A SYLVAN lifestyle for an industrial chemist turned professional woodsman is as secure as the old bus he calls home.
For Sherwood Keogh who lives deep in Trilloes Court Wood, Little Dewchurch, was yesterday (Wednesday) told he can keep his comfy old banger, a classic 1954 Bedford, by a Herefordshire Council planning committee.
It has been his home in the ancient broadleaf forest since 1996 and is the headquarters of his business, Goods From The Woods.
Sherwood, 43, who spent 18 years as a chemist working in the rubber industry, would never swap his idyllic and unconventional lifestyle for his old one.
"I sit here sometimes and think this is paradise. I have done things for people with homes worth a million pounds and I think, I don't envy you in the slightest. I would not swap your mansion for my life in the woods. I don't have any yearning to be like them."
His business is supported by the Forestry Commission, which encourages the good management of the county's woodlands. His traditional management style is in the process of being renewed under the commission's Woodland Grant Scheme.

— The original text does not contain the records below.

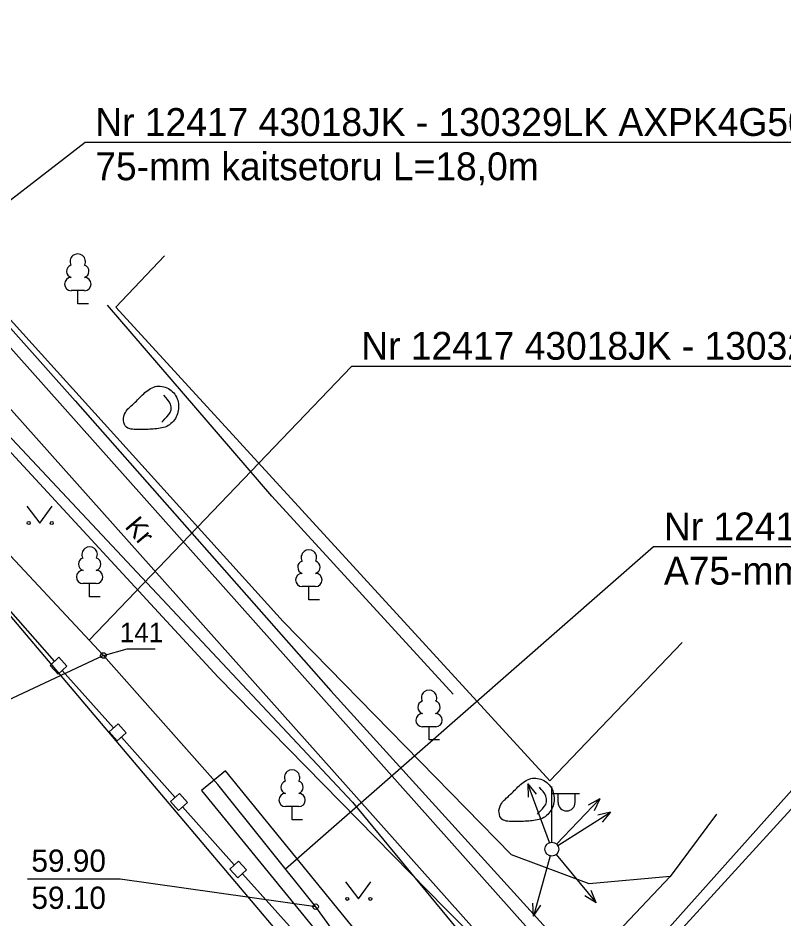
# Model space of a CAD drawing. Extents: x 639606 to 640670, y 6454775 to 6455795.
# Drawn here: x 640540.95 to 640568.48, y 6455419.76 to 6455452.17 of the extents above; entities that cross this region are included whole.
import ezdxf

# ---------------------------------------------------------------- set-up
doc = ezdxf.new("R2010")
doc.units = 0
for name, color, linetype in [('ABIJOONIS', 7, 'Continuous'), ('AED', 7, 'Continuous'), ('HALJASTUS', 7, 'Continuous'), ('KTRASS', 7, 'Continuous'), ('MOOTMPUNKT', 7, 'Continuous'), ('MOOTPIIR', 7, 'Continuous'), ('MPKAABEL', 7, 'Continuous'), ('MPOHULIIN', 7, 'Continuous'), ('PIIR', 7, 'Continuous'), ('POST', 7, 'Continuous'), ('PUU', 7, 'Continuous'), ('RELJEEF', 7, 'Continuous'), ('SITRASS', 7, 'Continuous'), ('TEE', 7, 'Continuous'), ('VTRASS', 7, 'Continuous')]:
    doc.layers.add(name, color=color, linetype=linetype)

msp = doc.modelspace()

# ---------------------------------------------------------------- linework, layer by layer
at = {"layer": 'ABIJOONIS'}
for points in [[(640544.017, 6455429.237), (640544.872, 6455429.479), (640545.872, 6455429.479)], [(640553.989, 6455416.474), (640554.833, 6455417.195), (640548.407, 6455425.085), (640547.547, 6455424.385), (640553.989, 6455416.474)]]:
    msp.add_lwpolyline(points, dxfattribs=at)
at = {"layer": 'AED'}
for p, q in [((640542.262, 6455429.031), (640540.245, 6455431.31)), ((640544.383, 6455426.632), (640542.538, 6455428.701)), ((640546.59, 6455424.126), (640544.662, 6455426.303)), ((640548.719, 6455421.704), (640546.862, 6455423.791)), ((640550.924, 6455419.261), (640549.011, 6455421.388))]:
    msp.add_line(p, q, dxfattribs=at)
for points in [[(640564.826, 6455429.698), (640560.071, 6455424.728), (640544.465, 6455441.764), (640546.218, 6455443.616)], [(640542.099, 6455428.882), (640542.388, 6455428.565), (640542.706, 6455428.854), (640542.416, 6455429.172), (640542.099, 6455428.882)], [(640544.514, 6455426.169), (640544.831, 6455426.459), (640544.542, 6455426.777), (640544.224, 6455426.487), (640544.514, 6455426.169)], [(640546.748, 6455424.269), (640546.43, 6455423.98), (640546.72, 6455423.662), (640547.038, 6455423.952), (640546.748, 6455424.269)], [(640548.845, 6455421.237), (640549.163, 6455421.527), (640548.873, 6455421.844), (640548.556, 6455421.555), (640548.845, 6455421.237)]]:
    msp.add_lwpolyline(points, dxfattribs=at)
at = {"layer": 'HALJASTUS'}
for p, q in [((640541.269, 6455434.607), (640541.732, 6455434)), ((640541.732, 6455434), (640542.178, 6455434.607)), ((640552.72, 6455421.089), (640553.183, 6455420.482)), ((640553.183, 6455420.482), (640553.629, 6455421.089))]:
    msp.add_line(p, q, dxfattribs=at)
msp.add_lwpolyline([(640556.586, 6455427.849), (640550.068, 6455434.972), (640544.158, 6455441.842)], dxfattribs=at)
for centre in [(640541.331, 6455434), (640542.16, 6455434), (640552.782, 6455420.482), (640553.611, 6455420.482)]:
    msp.add_circle(centre, 0.055, dxfattribs=at)
at = {"layer": 'KTRASS'}
for points in [[(640507.823, 6455484.366), (640508.86, 6455479.869), (640520.014, 6455462.349), (640533.107, 6455449.506), (640543.003, 6455438.401), (640552.192, 6455427.964), (640561.125, 6455418.122)], [(640562.162, 6455416.994), (640569.771, 6455425.516)]]:
    msp.add_lwpolyline(points, dxfattribs=at)
at = {"layer": 'MOOTMPUNKT'}
for centre in [(640544.017, 6455429.237), (640551.648, 6455420.201)]:
    msp.add_circle(centre, 0.1, dxfattribs=at)
at = {"layer": 'MOOTPIIR'}
msp.add_lwpolyline([(640499.088, 6455350.334), (640533.638, 6455396.442), (640486.003, 6455443.953), (640488.317, 6455449.446), (640497.118, 6455440.808), (640507.921, 6455446.512), (640529.675, 6455450.433), (640562.862, 6455413.201), (640539.582, 6455388.393), (640540.118, 6455381.623), (640550.025, 6455384.967), (640552.543, 6455383.233), (640551.593, 6455379.518), (640534.422, 6455371.262), (640528.189, 6455376.009), (640512.008, 6455356.031)], dxfattribs=at)
at = {"layer": 'MPKAABEL'}
for points in [[(640539.224, 6455398.915), (640539.541, 6455398.68), (640539.646, 6455398.719), (640539.85, 6455398.959), (640541.079, 6455400.674), (640546.162, 6455406.164), (640549.676, 6455410.62), (640552.683, 6455413.951), (640554.811, 6455415.959), (640554.723, 6455416.536), (640554.467, 6455416.696), (640553.709, 6455417.345), (640551.648, 6455420.201), (640548.13, 6455424.595), (640544.017, 6455429.237), (640539.828, 6455433.723), (640535.658, 6455439.693), (640532.926, 6455442.629), (640529.572, 6455445.197), (640527.705, 6455447.581), (640527.128, 6455448.05)], [(640574.677, 6455447.684), (640543.355, 6455447.684), (640534.554, 6455440.88)], [(640584.368, 6455439.634), (640552.936, 6455439.634), (640543.5, 6455429.791)], [(640595.121, 6455433.139), (640563.798, 6455433.139), (640550.565, 6455421.553)], [(640544.017, 6455429.237), (640539.762, 6455427.246), (640536.428, 6455427.246)], [(640554.723, 6455416.536), (640554.467, 6455416.696), (640553.709, 6455417.345), (640551.648, 6455420.201), (640548.13, 6455424.595), (640546.44, 6455426.503)], [(640551.648, 6455420.201), (640544.624, 6455421.189), (640541.29, 6455421.189)]]:
    msp.add_lwpolyline(points, dxfattribs=at)
at = {"layer": 'MPOHULIIN'}
for p, q in [((640559.278, 6455424.617), (640559.292, 6455424.142)), ((640559.278, 6455424.617), (640559.572, 6455424.244)), ((640560.051, 6455422.504), (640559.278, 6455424.617)), ((640560.31, 6455422.45), (640561.86, 6455424.081)), ((640561.86, 6455424.081), (640561.44, 6455423.857)), ((640561.86, 6455424.081), (640561.656, 6455423.651)), ((640560.349, 6455422.403), (640562.251, 6455423.605)), ((640562.251, 6455423.605), (640561.789, 6455423.491)), ((640562.251, 6455423.605), (640561.948, 6455423.238)), ((640560.137, 6455422.269), (640560.137, 6455422.269)), ((640560.137, 6455422.269), (640560.137, 6455422.269)), ((640560.137, 6455422.269), (640560.137, 6455422.269)), ((640560.137, 6455422.269), (640560.137, 6455422.269)), ((640560.137, 6455422.269), (640560.137, 6455422.269)), ((640560.296, 6455422.076), (640561.727, 6455420.34)), ((640560.072, 6455422.028), (640559.482, 6455419.857)), ((640561.727, 6455420.34), (640561.556, 6455420.784)), ((640561.727, 6455420.34), (640561.325, 6455420.594)), ((640559.482, 6455419.857), (640559.457, 6455420.331)), ((640559.482, 6455419.857), (640559.746, 6455420.253))]:
    msp.add_line(p, q, dxfattribs=at)
at = {"layer": 'PIIR'}
msp.add_lwpolyline([(640529.09, 6455389.48), (640553.15, 6455415.9), (640526.58, 6455447.32), (640508.96, 6455429.65), (640506.61, 6455431.95), (640504.27, 6455429.58), (640508.92, 6455425.01), (640506.54, 6455422.65), (640504.25, 6455424.91), (640492.28, 6455412.91), (640484.3, 6455408.45), (640489.69, 6455398.6), (640478.09, 6455388.88), (640506.2, 6455361.08)], close=True, dxfattribs=at)
at = {"layer": 'POST'}
for p, q in [((640560.137, 6455422.523), (640560.137, 6455424.523)), ((640560.137, 6455424.273), (640561.137, 6455424.273)), ((640560.363, 6455423.952), (640560.363, 6455424.273)), ((640560.976, 6455423.952), (640560.976, 6455424.273)), ((640560.137, 6455422.273), (640560.137, 6455422.273))]:
    msp.add_line(p, q, dxfattribs=at)
msp.add_circle((640560.138, 6455422.269), 0.25, dxfattribs=at)
msp.add_arc((640560.67, 6455423.952), 0.306, 180, 0, dxfattribs=at)
at = {"layer": 'PUU'}
for p, q in [((640543.335, 6455442.359), (640542.855, 6455442.359)), ((640543.095, 6455441.884), (640543.095, 6455442.359)), ((640543.475, 6455441.884), (640543.095, 6455441.884)), ((640543.761, 6455431.825), (640543.281, 6455431.825)), ((640543.521, 6455431.35), (640543.521, 6455431.825)), ((640551.643, 6455431.715), (640551.163, 6455431.715)), ((640551.403, 6455431.24), (640551.403, 6455431.715)), ((640543.901, 6455431.35), (640543.521, 6455431.35)), ((640551.783, 6455431.24), (640551.403, 6455431.24)), ((640555.963, 6455426.672), (640555.483, 6455426.672)), ((640555.723, 6455426.197), (640555.723, 6455426.672)), ((640556.103, 6455426.197), (640555.723, 6455426.197)), ((640551.039, 6455423.799), (640550.559, 6455423.799)), ((640550.799, 6455423.324), (640550.799, 6455423.799)), ((640551.179, 6455423.324), (640550.799, 6455423.324))]:
    msp.add_line(p, q, dxfattribs=at)
for centre, radius, start, end in [((640543.095, 6455443.404), 0.277, 332.5799, 207.4201), ((640542.925, 6455443.057), 0.233, 109.0217, 253.1415), ((640543.265, 6455443.057), 0.233, 286.8508, 70.9859), ((640542.857, 6455442.596), 0.238, 90.0016, 269.3953), ((640543.332, 6455442.596), 0.238, 270.6047, 89.9984), ((640543.521, 6455432.87), 0.277, 332.5799, 207.4201), ((640551.403, 6455432.76), 0.277, 332.5799, 207.4201), ((640543.351, 6455432.522), 0.233, 109.0217, 253.1415), ((640543.691, 6455432.522), 0.233, 286.8508, 70.9859), ((640551.233, 6455432.413), 0.233, 109.0217, 253.1415), ((640551.573, 6455432.413), 0.233, 286.8508, 70.9859), ((640543.283, 6455432.062), 0.238, 90.0016, 269.3953), ((640543.758, 6455432.062), 0.238, 270.6047, 89.9984), ((640551.165, 6455431.953), 0.238, 90.0016, 269.3953), ((640551.64, 6455431.953), 0.238, 270.6047, 89.9984), ((640555.723, 6455427.717), 0.277, 332.5799, 207.4201), ((640555.553, 6455427.37), 0.233, 109.0217, 253.1415), ((640555.893, 6455427.37), 0.233, 286.8508, 70.9859), ((640555.486, 6455426.91), 0.238, 90.0016, 269.3953), ((640555.961, 6455426.91), 0.238, 270.6047, 89.9984), ((640550.799, 6455424.844), 0.277, 332.5799, 207.4201), ((640550.629, 6455424.497), 0.233, 109.0217, 253.1415), ((640550.969, 6455424.497), 0.233, 286.8508, 70.9859), ((640550.561, 6455424.037), 0.238, 90.0016, 269.3953), ((640551.036, 6455424.037), 0.238, 270.6047, 89.9984)]:
    msp.add_arc(centre, radius, start, end, dxfattribs=at)
at = {"layer": 'RELJEEF'}
for points in [[(640546.119, 6455437.634), (640546.162, 6455437.68), (640546.23, 6455437.753), (640546.298, 6455437.826), (640546.366, 6455437.9), (640546.422, 6455437.981), (640546.448, 6455438.078), (640546.448, 6455438.178), (640546.427, 6455438.275), (640546.384, 6455438.366), (640546.322, 6455438.443), (640546.256, 6455438.518), (640546.19, 6455438.594)], [(640559.62, 6455423.534), (640559.663, 6455423.58), (640559.731, 6455423.653), (640559.799, 6455423.726), (640559.867, 6455423.8), (640559.923, 6455423.882), (640559.948, 6455423.978), (640559.949, 6455424.078), (640559.928, 6455424.175), (640559.885, 6455424.266), (640559.822, 6455424.343), (640559.756, 6455424.419), (640559.691, 6455424.494)]]:
    msp.add_lwpolyline(points, dxfattribs=at)
for points in [[(640544.734, 6455437.764), (640544.734, 6455437.764), (640544.739, 6455437.506), (640544.933, 6455437.377), (640545.183, 6455437.364), (640545.433, 6455437.364), (640545.683, 6455437.371), (640545.932, 6455437.388), (640546.18, 6455437.423), (640546.406, 6455437.526), (640546.581, 6455437.703), (640546.695, 6455437.924), (640546.729, 6455438.171), (640546.7, 6455438.418), (640546.592, 6455438.642), (640546.413, 6455438.814), (640546.186, 6455438.918), (640545.939, 6455438.938), (640545.709, 6455438.843), (640545.505, 6455438.699), (640545.331, 6455438.52), (640545.158, 6455438.34), (640544.969, 6455438.176), (640544.787, 6455438.007), (640544.734, 6455437.764)], [(640558.235, 6455423.664), (640558.235, 6455423.664), (640558.24, 6455423.406), (640558.434, 6455423.277), (640558.684, 6455423.264), (640558.934, 6455423.264), (640559.183, 6455423.271), (640559.433, 6455423.288), (640559.68, 6455423.323), (640559.906, 6455423.426), (640560.082, 6455423.603), (640560.195, 6455423.824), (640560.23, 6455424.071), (640560.201, 6455424.318), (640560.093, 6455424.542), (640559.913, 6455424.714), (640559.687, 6455424.818), (640559.44, 6455424.838), (640559.209, 6455424.743), (640559.006, 6455424.6), (640558.831, 6455424.42), (640558.658, 6455424.24), (640558.47, 6455424.076), (640558.288, 6455423.907), (640558.235, 6455423.664)]]:
    msp.add_open_spline(points, degree=3, dxfattribs=at)
at = {"layer": 'SITRASS'}
msp.add_lwpolyline([(640503.806, 6455483.696), (640503.997, 6455481.902), (640504.713, 6455478.15), (640506.305, 6455472.928), (640511.277, 6455464.033), (640514.509, 6455459.958), (640517.192, 6455457.802), (640520.628, 6455455.089), (640524.524, 6455453.099), (640527.146, 6455451.297), (640530.597, 6455447.827), (640538.919, 6455438.945), (640552.97, 6455423.961), (640556.919, 6455419.18), (640558.735, 6455416.394), (640558.137, 6455409.46)], dxfattribs=at)
at = {"layer": 'TEE'}
for points in [[(640564.395, 6455421.288), (640561.478, 6455421.022), (640558.686, 6455422.069), (640550.479, 6455430.462), (640542.13, 6455439.7), (640533.844, 6455448.868), (640527.553, 6455454.742), (640519.354, 6455460.563), (640513.837, 6455466.355), (640509.466, 6455474.668)], [(640512.295, 6455450.047), (640516.095, 6455453.118), (640518.751, 6455454.427), (640521.118, 6455454.577), (640523.585, 6455454.114), (640525.96, 6455452.524), (640531.723, 6455446.868), (640539.701, 6455437.595), (640548.141, 6455428.46), (640556.313, 6455420.119), (640557.84, 6455418.607), (640558.147, 6455416.868), (640557.748, 6455414.26)], [(640566.056, 6455423.531), (640564.395, 6455421.288), (640557.748, 6455414.26), (640557.292, 6455413.953), (640551.546, 6455407.697), (640547.127, 6455402.421)]]:
    msp.add_lwpolyline(points, dxfattribs=at)
at = {"layer": 'VTRASS'}
for points in [[(640508.484, 6455479.504), (640517.994, 6455463.641), (640532.742, 6455449.196), (640561.048, 6455417.422)], [(640562.959, 6455417.369), (640570.125, 6455425.216)]]:
    msp.add_lwpolyline(points, dxfattribs=at)

# ---------------------------------------------------------------- texts
at = {"layer": 'ABIJOONIS'}
msp.add_text(' 141', height=0.7, dxfattribs=at).set_placement((640544.345, 6455429.713))
at = {"layer": 'MPKAABEL'}
for s, height, p in [('Nr 12417 43018JK - 130329LK AXPK4G50 L=66,2m', 1, (640543.724, 6455447.925)), ('75-mm kaitsetoru L=18,0m', 1, (640543.724, 6455446.331)), ('Nr 12417 43018JK - 130329LK AXPK4G50 L=66,2m', 1, (640553.288, 6455439.875)), ('Nr 12417 43018JK - 130329LK AXPK4G50 L=66,2m', 1, (640564.167, 6455433.379)), ('A75-mm kaitsetoru L=13,0m', 1, (640564.167, 6455431.785)), ('59.90', 0.8, (640541.429, 6455421.456)), ('59.10', 0.8, (640541.429, 6455420.122))]:
    msp.add_text(s, height=height, dxfattribs=at).set_placement(p)
at = {"layer": 'TEE'}
msp.add_text('Kr', height=0.7, rotation=310.4269, dxfattribs=at).set_placement((640544.756, 6455433.858))

doc.saveas('drawing.dxf')
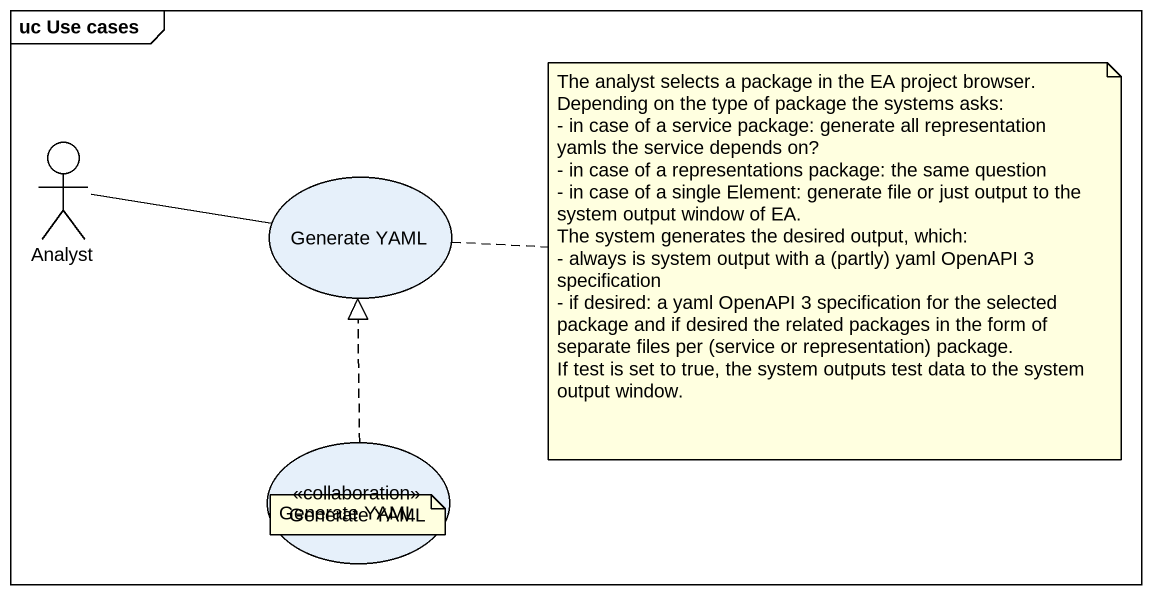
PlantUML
@startuml
mainframe uc Use cases
actor Analyst
usecase "Generate YAML" as Generate_YAML
usecase "Generate YAML" as Generate_YAML_2 <<collaboration>>
Analyst -right- Generate_YAML
Generate_YAML_2 .up.|> Generate_YAML
note right of Generate_YAML
  The analyst selects a package in the EA project browser.
  Depending on the type of package the systems asks:
  - in case of a service package: generate all representation yamls the service depends on?
  - in case of a representations package: the same question
  - in case of a single Element: generate file or just output to the system output window of EA.
  The system generates the desired output, which:
  - always is system output with a (partly) yaml OpenAPI 3 specification
  - if desired: a yaml OpenAPI 3 specification for the selected package and if desired the related packages in the form of separate files per (service or representation) package.
  If test is set to true, the system outputs test data to the system output window.
end note
note as N2
  Generate YAML
end note
@enduml

"In the long term, the surest way to safeguard any woodland is to make it pay its own way. Mr Keogh has amply demonstrated that he has the ability and commitment to do this in Trilloes Court Wood by turning the various raw materials available into a wide range of saleable products," the commission told the council.
Sherwood is returning the old forest, neglected from the 1920s until 1978 when it was clear-felled by the Forestry Commission to its former coppiced glory.
His first big job came from English Heritage when he bought the wood, an order for thousands of hand-cleft sweet chestnut roofing battens. His son, Ruben, spent his summer holiday making 20,000 oak pegs for roof tiles.
His income is hard-earned, much of it through the laborious process of making charcoal, a 30-hour weekly operation from early February until mid October and a forgotten industry for the forest.
"Trilloes Court Wood used to use coppice for charcoal to smelt ore, but now it's used to fuel barbecues. The aim is to thin the trees to favour the best ones. There are defined areas of hazel and ash and these are cut on a regular cycle, so the coppice stem keeps sprouting and the life of the tree is prolonged," explained Sherwood.
He also uses the wood and reclaimed timber to make garden furniture, oak fencing and cherry kitchen utensils. He is currently making deer park fencing for the National Trust. Everything is hand cut and polished.
"Some people say you can't make a living out of a woodland this size, but it depends what you do with it," said Sherwood who picked up his skills after meeting the founder of the Greenwood Trust.
That meeting and a course in woodland management and craft skills kindled the dream. But he is, literally, a chip off the old block too.
He grew up at nearby Ballingham Station for which his dad had requisitioned an unwanted maple gym floor.
"He got into making things with reclaimed timber, so it was engendered in me," said Sherwood.
He is planning to run a course this autumn teaching others some of his traditional crafts, including how to make and use a pole lathe.